**What you need to do**
Copy each line of the listing that includes "import".

**Given entries**
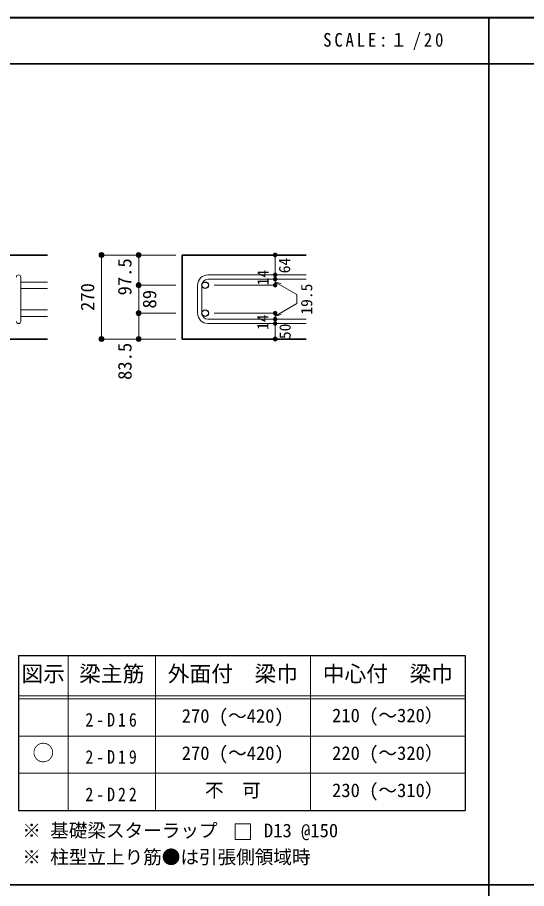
# Model space of a CAD drawing. Units: millimetres at full size, sheet at 1:20; details may follow other scales. Extents: x -3982 to 3969, y -2797 to 2801.
# Drawn here: x -2270 to -628, y -10 to 2801 of the extents above; entities that cross this region are included whole.
import ezdxf
from ezdxf.enums import TextEntityAlignment as Align

# ---------------------------------------------------------------- set-up
doc = ezdxf.new("R2010")
doc.units = ezdxf.units.MM
doc.header["$LTSCALE"] = 20
doc.header["$PDMODE"] = 32
doc.header["$PDSIZE"] = 12
for name, color, linetype, lineweight in [('6-1_躯体線', 2, 'Continuous', 35), ('6-5_梁主筋', 7, 'Continuous', 18), ('6-6_S.T.P.', 7, 'Continuous', 18), ('6-7_文字', 7, 'Continuous', 18), ('6-D_寸法', 4, 'Continuous', 9), ('6-E_枠', 7, 'Continuous', 18), ('F-0_枠', 6, 'Continuous', 40)]:
    doc.layers.add(name, color=color, linetype=linetype, lineweight=lineweight)
doc.styles.add('ＭＳ ゴシック', font='')
doc.styles.get('ＭＳ ゴシック').set_extended_font_data('MS Gothic')

msp = doc.modelspace()

# ---------------------------------------------------------------- linework, layer by layer
at = {"layer": '6-1_躯体線'}
for p, q in [((-2173.87, 2034.12), (-3103.87, 2034.12)), ((-1739.2, 2034.12), (-1339.2, 2034.12)), ((-2173.87, 1763.12), (-2573.87, 1763.12))]:
    msp.add_line(p, q, dxfattribs=at)
msp.add_lwpolyline([(-1739.2, 2034.12), (-1739.2, 1763.12), (-1339.2, 1763.12)], dxfattribs=at)
at = {"layer": '6-5_梁主筋'}
for p, q in [((-2173.87, 1947.05), (-2259.87, 1947.05)), ((-2173.87, 1926.05), (-2259.87, 1926.05)), ((-2173.87, 1857.12), (-2259.87, 1857.12)), ((-2173.87, 1836.12), (-2259.87, 1836.12))]:
    msp.add_line(p, q, dxfattribs=at)
at = {"layer": '6-5_梁主筋', "color": 3, "lineweight": 25}
for centre in [(-1664.7, 1936.55), (-1664.7, 1846.62)]:
    msp.add_circle(centre, 10.5, dxfattribs=at)
at = {"layer": '6-6_S.T.P.'}
for p, q in [((-1655.7, 1970.05), (-1339.2, 1970.05)), ((-2259.87, 1820.12), (-2259.87, 1963.05)), ((-1655.7, 1956.05), (-1339.2, 1956.05)), ((-1689.2, 1936.55), (-1689.2, 1846.62)), ((-1675.2, 1936.55), (-1675.2, 1846.62)), ((-1655.7, 1827.12), (-1339.2, 1827.12)), ((-1655.7, 1813.12), (-1339.2, 1813.12))]:
    msp.add_line(p, q, dxfattribs=at)
for centre, radius, start, end in [((-2266.87, 1963.05), 7, 0, 180), ((-1655.7, 1936.55), 33.5, 90, 180), ((-1655.7, 1936.55), 19.5, 90, 180), ((-1655.7, 1846.62), 33.5, 180, 270), ((-1655.7, 1846.62), 19.5, 180, 270), ((-2266.87, 1820.12), 7, 180, 0)]:
    msp.add_arc(centre, radius, start, end, dxfattribs=at)
at = {"layer": '6-7_文字'}
msp.add_lwpolyline([(-1567.98, 148.62), (-1517.98, 148.62), (-1517.98, 198.62), (-1567.98, 198.62)], close=True, dxfattribs=at)
at = {"layer": '6-D_寸法'}
for p, q in [((-1999.2, 2034.12), (-1879.2, 2034.12)), ((-1879.2, 2034.12), (-1759.2, 2034.12)), ((-1879.2, 2034.12), (-1879.2, 1936.55)), ((-1439.2, 1946.87), (-1419.88, 1941.7)), ((-1439.2, 1946.87), (-1369.14, 1906.42)), ((-1879.2, 1936.55), (-1759.2, 1936.55)), ((-1879.2, 1936.55), (-1879.2, 1846.62)), ((-1879.2, 1936.55), (-1879.2, 1846.62)), ((-1439.2, 1936.55), (-1635.29, 1936.55)), ((-1369.14, 1906.42), (-1369.14, 1877.32)), ((-1439.2, 1836.87), (-1369.14, 1877.32)), ((-1879.2, 1846.62), (-1759.2, 1846.62)), ((-1879.2, 1763.12), (-1879.2, 1846.62)), ((-1439.2, 1846.62), (-1635.29, 1846.62)), ((-1439.2, 1827.12), (-1439.2, 1846.62)), ((-1439.2, 1836.87), (-1419.88, 1842.05)), ((-1439.2, 1813.12), (-1439.2, 1827.12)), ((-1439.2, 1763.12), (-1439.2, 1813.12)), ((-1999.2, 1763.12), (-1879.2, 1763.12)), ((-1879.2, 1763.12), (-1759.2, 1763.12))]:
    msp.add_line(p, q, dxfattribs=at)
for points in [[(-1999.2, 2034.12), (-1999.2, 1763.12), (-1889.33, 1763.12)], [(-1439.2, 1956.05), (-1439.2, 1970.05), (-1439.2, 2034.12)], [(-1439.2, 1956.05), (-1439.2, 1936.55), (-1439.2, 1956.05)]]:
    msp.add_lwpolyline(points, dxfattribs=at)
for centre, radius in [((-1999.2, 2034.12), 8), ((-1999.2, 2034.12), 7.2), ((-1999.2, 2034.12), 6.4), ((-1999.2, 2034.12), 5.6), ((-1999.2, 2034.12), 4.8), ((-1999.2, 2034.12), 4), ((-1999.2, 2034.12), 3.2), ((-1999.2, 2034.12), 2.4), ((-1999.2, 2034.12), 1.6), ((-1999.2, 2034.12), 0.8), ((-1879.2, 2034.12), 8), ((-1879.2, 2034.12), 7.2), ((-1879.2, 2034.12), 6.4), ((-1879.2, 2034.12), 5.6), ((-1879.2, 2034.12), 4.8), ((-1879.2, 2034.12), 4), ((-1879.2, 2034.12), 3.2), ((-1879.2, 2034.12), 2.4), ((-1879.2, 2034.12), 1.6), ((-1879.2, 2034.12), 0.8), ((-1439.2, 2034.12), 4), ((-1439.2, 2034.12), 3.6), ((-1439.2, 2034.12), 3.2), ((-1439.2, 2034.12), 2.8), ((-1439.2, 2034.12), 2.4), ((-1439.2, 2034.12), 2), ((-1439.2, 2034.12), 1.6), ((-1439.2, 2034.12), 1.2), ((-1439.2, 2034.12), 0.8), ((-1439.2, 2034.12), 0.4), ((-1439.2, 1970.05), 4), ((-1439.2, 1970.05), 3.6), ((-1439.2, 1970.05), 3.2), ((-1439.2, 1970.05), 2.8), ((-1439.2, 1970.05), 2.4), ((-1439.2, 1970.05), 2), ((-1439.2, 1970.05), 1.6), ((-1439.2, 1970.05), 1.2), ((-1439.2, 1970.05), 0.8), ((-1439.2, 1970.05), 0.4), ((-1879.2, 1936.55), 8), ((-1879.2, 1936.55), 7.2), ((-1879.2, 1936.55), 6.4), ((-1879.2, 1936.55), 5.6), ((-1879.2, 1936.55), 4.8), ((-1879.2, 1936.55), 4), ((-1879.2, 1936.55), 3.2), ((-1439.2, 1956.05), 4), ((-1439.2, 1936.55), 4), ((-1439.2, 1956.05), 3.6), ((-1439.2, 1936.55), 3.6), ((-1439.2, 1956.05), 3.2), ((-1439.2, 1936.55), 3.2), ((-1439.2, 1956.05), 2.8), ((-1439.2, 1956.05), 2.4), ((-1439.2, 1956.05), 2), ((-1439.2, 1956.05), 1.6), ((-1439.2, 1956.05), 1.2), ((-1439.2, 1956.05), 0.8), ((-1439.2, 1956.05), 0.4), ((-1879.2, 1936.55), 2.4), ((-1879.2, 1936.55), 1.6), ((-1879.2, 1936.55), 0.8), ((-1439.2, 1936.55), 2.8), ((-1439.2, 1936.55), 2.4), ((-1439.2, 1936.55), 2), ((-1439.2, 1936.55), 1.6), ((-1439.2, 1936.55), 1.2), ((-1439.2, 1936.55), 0.8), ((-1439.2, 1936.55), 0.4), ((-1879.2, 1846.62), 8), ((-1879.2, 1846.62), 7.2), ((-1879.2, 1846.62), 6.4), ((-1879.2, 1846.62), 5.6), ((-1879.2, 1846.62), 4.8), ((-1879.2, 1846.62), 4), ((-1879.2, 1846.62), 3.2), ((-1879.2, 1846.62), 2.4), ((-1879.2, 1846.62), 1.6), ((-1879.2, 1846.62), 0.8), ((-1439.2, 1846.62), 4), ((-1439.2, 1827.12), 4), ((-1439.2, 1846.62), 3.6), ((-1439.2, 1827.12), 3.6), ((-1439.2, 1846.62), 3.2), ((-1439.2, 1827.12), 3.2), ((-1439.2, 1846.62), 2.8), ((-1439.2, 1827.12), 2.8), ((-1439.2, 1846.62), 2.4), ((-1439.2, 1827.12), 2.4), ((-1439.2, 1846.62), 2), ((-1439.2, 1827.12), 2), ((-1439.2, 1846.62), 1.6), ((-1439.2, 1827.12), 1.6), ((-1439.2, 1846.62), 1.2), ((-1439.2, 1827.12), 1.2), ((-1439.2, 1846.62), 0.8), ((-1439.2, 1827.12), 0.8), ((-1439.2, 1846.62), 0.4), ((-1439.2, 1827.12), 0.4), ((-1439.2, 1813.12), 4), ((-1439.2, 1813.12), 3.6), ((-1439.2, 1813.12), 3.2), ((-1439.2, 1813.12), 2.8), ((-1439.2, 1813.12), 2.4), ((-1439.2, 1813.12), 2), ((-1439.2, 1813.12), 1.6), ((-1439.2, 1813.12), 1.2), ((-1439.2, 1813.12), 0.8), ((-1439.2, 1813.12), 0.4), ((-1999.2, 1763.12), 8), ((-1879.2, 1763.12), 8), ((-1999.2, 1763.12), 7.2), ((-1999.2, 1763.12), 6.4), ((-1999.2, 1763.12), 5.6), ((-1999.2, 1763.12), 4.8), ((-1999.2, 1763.12), 4), ((-1999.2, 1763.12), 3.2), ((-1999.2, 1763.12), 2.4), ((-1999.2, 1763.12), 1.6), ((-1999.2, 1763.12), 0.8), ((-1879.2, 1763.12), 7.2), ((-1879.2, 1763.12), 6.4), ((-1879.2, 1763.12), 5.6), ((-1879.2, 1763.12), 4.8), ((-1879.2, 1763.12), 4), ((-1879.2, 1763.12), 3.2), ((-1879.2, 1763.12), 2.4), ((-1879.2, 1763.12), 1.6), ((-1879.2, 1763.12), 0.8), ((-1439.2, 1763.12), 4), ((-1439.2, 1763.12), 3.6), ((-1439.2, 1763.12), 3.2), ((-1439.2, 1763.12), 2.8), ((-1439.2, 1763.12), 2.4), ((-1439.2, 1763.12), 2), ((-1439.2, 1763.12), 1.6), ((-1439.2, 1763.12), 1.2), ((-1439.2, 1763.12), 0.8), ((-1439.2, 1763.12), 0.4)]:
    msp.add_circle(centre, radius, dxfattribs=at)
at = {"layer": '6-D_寸法', "color": 7}
for p in [(-1999.2, 2034.12), (-1879.2, 2034.12), (-1439.2, 2034.12), (-1439.2, 1970.05), (-1879.2, 1936.55), (-1439.2, 1956.05), (-1439.2, 1936.55), (-1879.2, 1846.62), (-1439.2, 1846.62), (-1439.2, 1827.12), (-1439.2, 1813.12), (-1999.2, 1763.12), (-1879.2, 1763.12), (-1439.2, 1763.12)]:
    msp.add_point(p, dxfattribs=at)
at = {"layer": '6-E_枠', "color": 3, "lineweight": 25}
for p, q in [((-2267.02, 741.85), (-2267.02, 241.85)), ((-2267.02, 741.85), (-825.33, 741.85)), ((-825.33, 741.85), (-825.33, 241.85)), ((-2267.02, 241.85), (-825.33, 241.85))]:
    msp.add_line(p, q, dxfattribs=at)
at = {"layer": '6-E_枠'}
for p, q in [((-2107.02, 741.85), (-2107.02, 241.85)), ((-1825.33, 741.85), (-1825.33, 241.85)), ((-1325.33, 741.85), (-1325.33, 241.85)), ((-2267.02, 611.85), (-825.33, 611.85)), ((-2267.02, 601.85), (-825.33, 601.85)), ((-2267.02, 481.85), (-825.33, 481.85)), ((-2267.02, 361.85), (-825.33, 361.85))]:
    msp.add_line(p, q, dxfattribs=at)
at = {"layer": 'F-0_枠'}
msp.add_line((-3981.92, 2800.77), (3969.4, 2800.77), dxfattribs=at)
at = {"layer": 'F-0_枠', "color": 2, "lineweight": 35}
for p, q in [((-749.76, 2800.77), (-749.76, -2796.83)), ((-3981.92, 2650.77), (2482.4, 2650.77)), ((2482.4, 1.97), (-3981.92, 1.97))]:
    msp.add_line(p, q, dxfattribs=at)

# ---------------------------------------------------------------- texts
at = {"layer": '6-7_文字', "color": 2, "style": 'ＭＳ ゴシック'}
for s, p in [('図示', (-2257.02, 641.85)), ('梁主筋', (-2071.17, 641.85)), ('外面付\u3000梁巾', (-1785.33, 641.85)), ('中心付\u3000梁巾', (-1285.33, 641.85)), ('○', (-2222.02, 386.85))]:
    msp.add_text(s, height=51.32, dxfattribs=at).set_placement(p, align=Align.BOTTOM_LEFT)
at = {"layer": '6-7_文字', "style": 'ＭＳ ゴシック'}
for s, p in [('270 (～420)', (-1740.33, 511.85)), ('210 (～320）', (-1255.33, 513.4)), ('270 (～420)', (-1740.33, 391.85)), ('220 (～320）', (-1255.33, 391.85)), ('不\u3000可', (-1665.33, 271.85)), ('230 (～310）', (-1255.33, 271.85)), ('※ 基礎梁スターラップ     D13 @150', (-2254.64, 142.13)), ('※ 柱型立上り筋●は引張側領域時', (-2254.64, 56.45))]:
    msp.add_text(s, height=43.99, dxfattribs=at).set_placement(p, align=Align.BOTTOM_LEFT)
at = {"layer": '6-7_文字', "color": 2, "insert": (-1283.99, 2695.77), "char_height": 43.99, "attachment_point": 7, "style": 'ＭＳ ゴシック'}
msp.add_mtext('\\T1.34;\\W0.9;SCALE:１/20', dxfattribs=at)
at = {"layer": '6-7_文字', "char_height": 43.99, "attachment_point": 7, "style": 'ＭＳ ゴシック'}
for s, insert in [('\\T1.38;\\W0.85;2-D16', (-2051.17, 511.85)), ('\\T1.38;\\W0.85;2-D19', (-2051.17, 391.85)), ('\\T1.38;\\W0.85;2-D22', (-2051.17, 271.85))]:
    msp.add_mtext(s, dxfattribs=dict(at, insert=insert))
at = {"layer": '6-D_寸法', "style": 'ＭＳ ゴシック'}
for s, height, p in [('97.5', 43.99, (-1889.2, 1903.83)), ('64', 36.66, (-1379.36, 1975.26)), ('14', 36.66, (-1449.2, 1936.16)), ('270', 43.99, (-2009.2, 1853.62)), ('89', 43.99, (-1809.2, 1861.59)), ('19.5', 36.66, (-1308.07, 1841.87)), ('14', 36.66, (-1449.59, 1792.44)), ('50', 36.66, (-1377.7, 1762.82)), ('83.5', 43.99, (-1888.89, 1631.16))]:
    msp.add_text(s, height=height, rotation=90, dxfattribs=at).set_placement(p, align=Align.BOTTOM_LEFT)

doc.saveas('drawing.dxf')

**Exercise output**
import ezdxf
from ezdxf.enums import TextEntityAlignment as Align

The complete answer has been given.